Report Number: CSL-TR-93-561
Institution: Stanford University, Computer Systems Laboratory
Title: Fetch Caches
Author: Bray, Brian K.
Author: Flynn, Michael J.
Date: February 1993
Abstract: For high performance, data caches must have a low miss rate
and provide high bandwidth, while maintaining low latency.
Larger and more complex set associative caches provide lower
miss rates but at the cost of increased latency. Interleaved
data caches can improve the available bandwidth, but the
improvement is limited by bank conflicts and increased
latency due to the switching networks required to distribute
cache addresses and to route the data.
We propose using a small buffer to reduce the data read
latency or improve the read bandwidth of an on-chip data
cache.
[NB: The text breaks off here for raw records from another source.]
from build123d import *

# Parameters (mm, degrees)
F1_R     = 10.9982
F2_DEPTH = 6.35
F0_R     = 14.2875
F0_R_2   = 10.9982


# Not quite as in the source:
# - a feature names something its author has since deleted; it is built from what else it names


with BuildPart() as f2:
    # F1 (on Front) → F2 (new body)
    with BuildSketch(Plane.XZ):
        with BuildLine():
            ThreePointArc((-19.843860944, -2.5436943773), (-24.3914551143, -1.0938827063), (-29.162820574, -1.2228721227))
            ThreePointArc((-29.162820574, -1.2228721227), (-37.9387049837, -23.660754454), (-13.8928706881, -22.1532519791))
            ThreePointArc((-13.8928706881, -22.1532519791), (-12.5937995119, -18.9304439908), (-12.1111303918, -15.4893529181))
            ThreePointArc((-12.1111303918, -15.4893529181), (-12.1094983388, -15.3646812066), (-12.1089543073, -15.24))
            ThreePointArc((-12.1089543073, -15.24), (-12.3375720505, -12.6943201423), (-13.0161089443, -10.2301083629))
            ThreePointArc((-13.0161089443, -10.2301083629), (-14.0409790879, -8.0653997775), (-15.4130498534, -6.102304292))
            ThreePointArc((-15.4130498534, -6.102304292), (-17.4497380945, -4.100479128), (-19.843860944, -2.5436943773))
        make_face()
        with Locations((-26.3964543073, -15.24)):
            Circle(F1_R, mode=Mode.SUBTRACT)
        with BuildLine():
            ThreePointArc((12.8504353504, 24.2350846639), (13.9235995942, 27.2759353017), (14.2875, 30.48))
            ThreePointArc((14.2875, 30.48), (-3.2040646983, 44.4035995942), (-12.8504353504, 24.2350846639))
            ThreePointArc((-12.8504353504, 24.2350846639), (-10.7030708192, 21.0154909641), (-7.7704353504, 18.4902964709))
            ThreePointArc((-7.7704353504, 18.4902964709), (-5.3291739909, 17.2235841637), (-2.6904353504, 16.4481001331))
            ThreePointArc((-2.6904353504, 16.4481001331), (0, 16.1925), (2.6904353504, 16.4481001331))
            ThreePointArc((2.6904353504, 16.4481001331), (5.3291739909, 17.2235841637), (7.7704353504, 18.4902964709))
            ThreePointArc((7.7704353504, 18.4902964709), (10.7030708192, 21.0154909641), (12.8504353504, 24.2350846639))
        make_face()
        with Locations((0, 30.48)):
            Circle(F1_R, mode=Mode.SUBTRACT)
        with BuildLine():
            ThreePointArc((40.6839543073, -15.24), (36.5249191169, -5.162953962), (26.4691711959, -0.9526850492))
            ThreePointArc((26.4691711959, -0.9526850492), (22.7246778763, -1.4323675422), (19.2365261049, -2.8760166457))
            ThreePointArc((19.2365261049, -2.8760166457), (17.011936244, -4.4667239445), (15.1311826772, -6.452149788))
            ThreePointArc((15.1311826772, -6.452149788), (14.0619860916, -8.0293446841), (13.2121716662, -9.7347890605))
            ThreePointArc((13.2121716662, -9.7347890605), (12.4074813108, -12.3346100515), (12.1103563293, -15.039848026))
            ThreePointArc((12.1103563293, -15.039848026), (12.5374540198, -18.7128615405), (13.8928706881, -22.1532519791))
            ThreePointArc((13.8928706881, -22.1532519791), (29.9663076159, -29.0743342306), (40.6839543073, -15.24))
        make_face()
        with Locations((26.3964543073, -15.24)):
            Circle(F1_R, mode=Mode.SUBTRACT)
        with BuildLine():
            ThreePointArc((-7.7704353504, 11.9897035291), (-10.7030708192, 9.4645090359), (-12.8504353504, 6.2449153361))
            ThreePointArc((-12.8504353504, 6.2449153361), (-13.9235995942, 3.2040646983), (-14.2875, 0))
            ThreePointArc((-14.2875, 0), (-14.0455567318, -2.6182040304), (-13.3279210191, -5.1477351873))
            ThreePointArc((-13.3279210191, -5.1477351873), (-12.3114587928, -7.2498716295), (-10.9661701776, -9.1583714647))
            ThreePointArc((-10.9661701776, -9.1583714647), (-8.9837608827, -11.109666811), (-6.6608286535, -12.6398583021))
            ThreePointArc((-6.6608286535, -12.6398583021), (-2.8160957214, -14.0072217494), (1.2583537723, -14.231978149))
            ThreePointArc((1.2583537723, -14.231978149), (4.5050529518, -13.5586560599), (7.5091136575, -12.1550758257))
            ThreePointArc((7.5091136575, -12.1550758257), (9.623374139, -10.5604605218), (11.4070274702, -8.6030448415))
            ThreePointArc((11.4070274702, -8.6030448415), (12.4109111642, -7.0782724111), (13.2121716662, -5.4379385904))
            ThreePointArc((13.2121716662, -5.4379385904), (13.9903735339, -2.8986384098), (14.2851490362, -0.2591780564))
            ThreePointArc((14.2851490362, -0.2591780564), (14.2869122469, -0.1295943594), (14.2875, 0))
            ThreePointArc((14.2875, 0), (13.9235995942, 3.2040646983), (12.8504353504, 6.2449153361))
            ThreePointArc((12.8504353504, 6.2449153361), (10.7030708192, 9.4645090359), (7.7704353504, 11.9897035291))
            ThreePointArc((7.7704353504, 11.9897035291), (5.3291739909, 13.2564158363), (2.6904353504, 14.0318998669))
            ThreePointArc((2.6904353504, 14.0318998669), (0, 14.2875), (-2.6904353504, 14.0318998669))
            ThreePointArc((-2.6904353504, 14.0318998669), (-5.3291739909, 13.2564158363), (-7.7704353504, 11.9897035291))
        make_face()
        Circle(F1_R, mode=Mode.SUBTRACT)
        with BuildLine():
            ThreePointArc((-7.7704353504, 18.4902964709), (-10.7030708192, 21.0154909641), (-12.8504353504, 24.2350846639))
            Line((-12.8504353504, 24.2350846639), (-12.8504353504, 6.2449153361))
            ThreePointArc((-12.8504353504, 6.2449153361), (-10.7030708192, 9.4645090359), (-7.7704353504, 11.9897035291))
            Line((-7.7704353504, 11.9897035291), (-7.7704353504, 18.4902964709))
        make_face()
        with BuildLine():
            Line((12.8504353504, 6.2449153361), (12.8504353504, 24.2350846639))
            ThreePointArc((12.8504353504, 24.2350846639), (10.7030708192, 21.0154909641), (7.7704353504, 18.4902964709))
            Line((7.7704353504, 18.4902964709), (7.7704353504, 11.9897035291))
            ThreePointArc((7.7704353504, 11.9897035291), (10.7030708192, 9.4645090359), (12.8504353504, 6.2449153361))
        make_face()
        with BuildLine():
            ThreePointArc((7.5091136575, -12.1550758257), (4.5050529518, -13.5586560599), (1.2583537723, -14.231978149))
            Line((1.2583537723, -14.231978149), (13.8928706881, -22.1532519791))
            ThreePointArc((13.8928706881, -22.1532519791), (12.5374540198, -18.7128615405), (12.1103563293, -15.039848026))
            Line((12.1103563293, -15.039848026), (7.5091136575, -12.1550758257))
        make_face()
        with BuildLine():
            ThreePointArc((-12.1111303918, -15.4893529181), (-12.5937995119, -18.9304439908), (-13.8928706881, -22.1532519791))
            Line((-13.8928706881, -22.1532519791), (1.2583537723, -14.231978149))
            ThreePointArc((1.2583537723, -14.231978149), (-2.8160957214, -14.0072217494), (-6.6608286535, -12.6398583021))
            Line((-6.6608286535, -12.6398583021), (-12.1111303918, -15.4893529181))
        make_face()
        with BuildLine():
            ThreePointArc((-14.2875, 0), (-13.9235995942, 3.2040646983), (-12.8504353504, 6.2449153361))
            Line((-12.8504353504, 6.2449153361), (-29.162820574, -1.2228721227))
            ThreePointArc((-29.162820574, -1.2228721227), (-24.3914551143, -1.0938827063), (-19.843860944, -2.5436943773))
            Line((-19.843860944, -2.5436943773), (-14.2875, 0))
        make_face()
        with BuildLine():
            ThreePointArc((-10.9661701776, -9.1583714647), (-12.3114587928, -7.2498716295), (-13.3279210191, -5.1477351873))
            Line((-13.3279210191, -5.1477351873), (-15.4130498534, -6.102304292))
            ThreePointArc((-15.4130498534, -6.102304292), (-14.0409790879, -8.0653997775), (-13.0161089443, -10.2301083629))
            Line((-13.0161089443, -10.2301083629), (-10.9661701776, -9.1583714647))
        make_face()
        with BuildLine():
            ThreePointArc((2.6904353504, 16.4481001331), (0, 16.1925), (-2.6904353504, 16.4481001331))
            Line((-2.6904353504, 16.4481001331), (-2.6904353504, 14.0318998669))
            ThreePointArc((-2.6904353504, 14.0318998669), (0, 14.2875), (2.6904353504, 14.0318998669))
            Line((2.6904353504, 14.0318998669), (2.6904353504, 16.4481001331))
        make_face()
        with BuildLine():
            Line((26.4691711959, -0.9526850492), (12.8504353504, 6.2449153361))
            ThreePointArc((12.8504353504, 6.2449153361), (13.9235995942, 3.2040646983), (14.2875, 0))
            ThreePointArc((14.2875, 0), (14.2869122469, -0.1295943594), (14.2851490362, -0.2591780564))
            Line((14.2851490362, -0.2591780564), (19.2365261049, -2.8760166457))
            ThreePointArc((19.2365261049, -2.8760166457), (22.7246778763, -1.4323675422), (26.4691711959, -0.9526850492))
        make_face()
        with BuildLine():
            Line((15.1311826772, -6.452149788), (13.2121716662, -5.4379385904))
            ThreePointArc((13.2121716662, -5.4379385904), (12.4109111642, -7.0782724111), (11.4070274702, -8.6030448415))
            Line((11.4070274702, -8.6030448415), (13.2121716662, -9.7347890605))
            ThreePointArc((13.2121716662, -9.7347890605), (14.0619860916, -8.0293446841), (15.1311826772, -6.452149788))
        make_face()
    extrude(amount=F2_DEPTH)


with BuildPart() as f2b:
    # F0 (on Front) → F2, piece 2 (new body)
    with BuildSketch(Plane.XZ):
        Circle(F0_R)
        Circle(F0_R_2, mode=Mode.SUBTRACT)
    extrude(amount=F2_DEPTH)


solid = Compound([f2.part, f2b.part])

We call the small read-only buffer a fetch cache. The
fetch cache attempts to capture the immediate spatial
locality of the data read reference stream by utilizing the
large number of bits that can be fetched in a single access
of an on-chip cache.
There are two ways a processor can issue multiple
instructions per cache access: the cache access can require
multiple cycles (i.e. superpipelined), or multiple
instructions are issued per cycle (i.e. superscalar). In the
first section, we show the use of fetch caches with
multi-cycle per access data caches. When there is a read hit
in the fetch cache, the read request can be serviced in one
cycle, otherwise the latency is that of the primary data
cache. For a four line, 16 byte wide fetch cache, the hit
rate ranged from 40 to 60 percent depending on the
application. In the second part, we show the use of fetch
caches when multi-accesses per cycle are requested. When
there is a read hit in the fetch cache, a read can be
satisfied by the fetch cache, while the primary cache
performs another read or write request. For a four line, 16
byte wide fetch cache, the cache bandwidth increased by 20 to
30 percent depending on the application.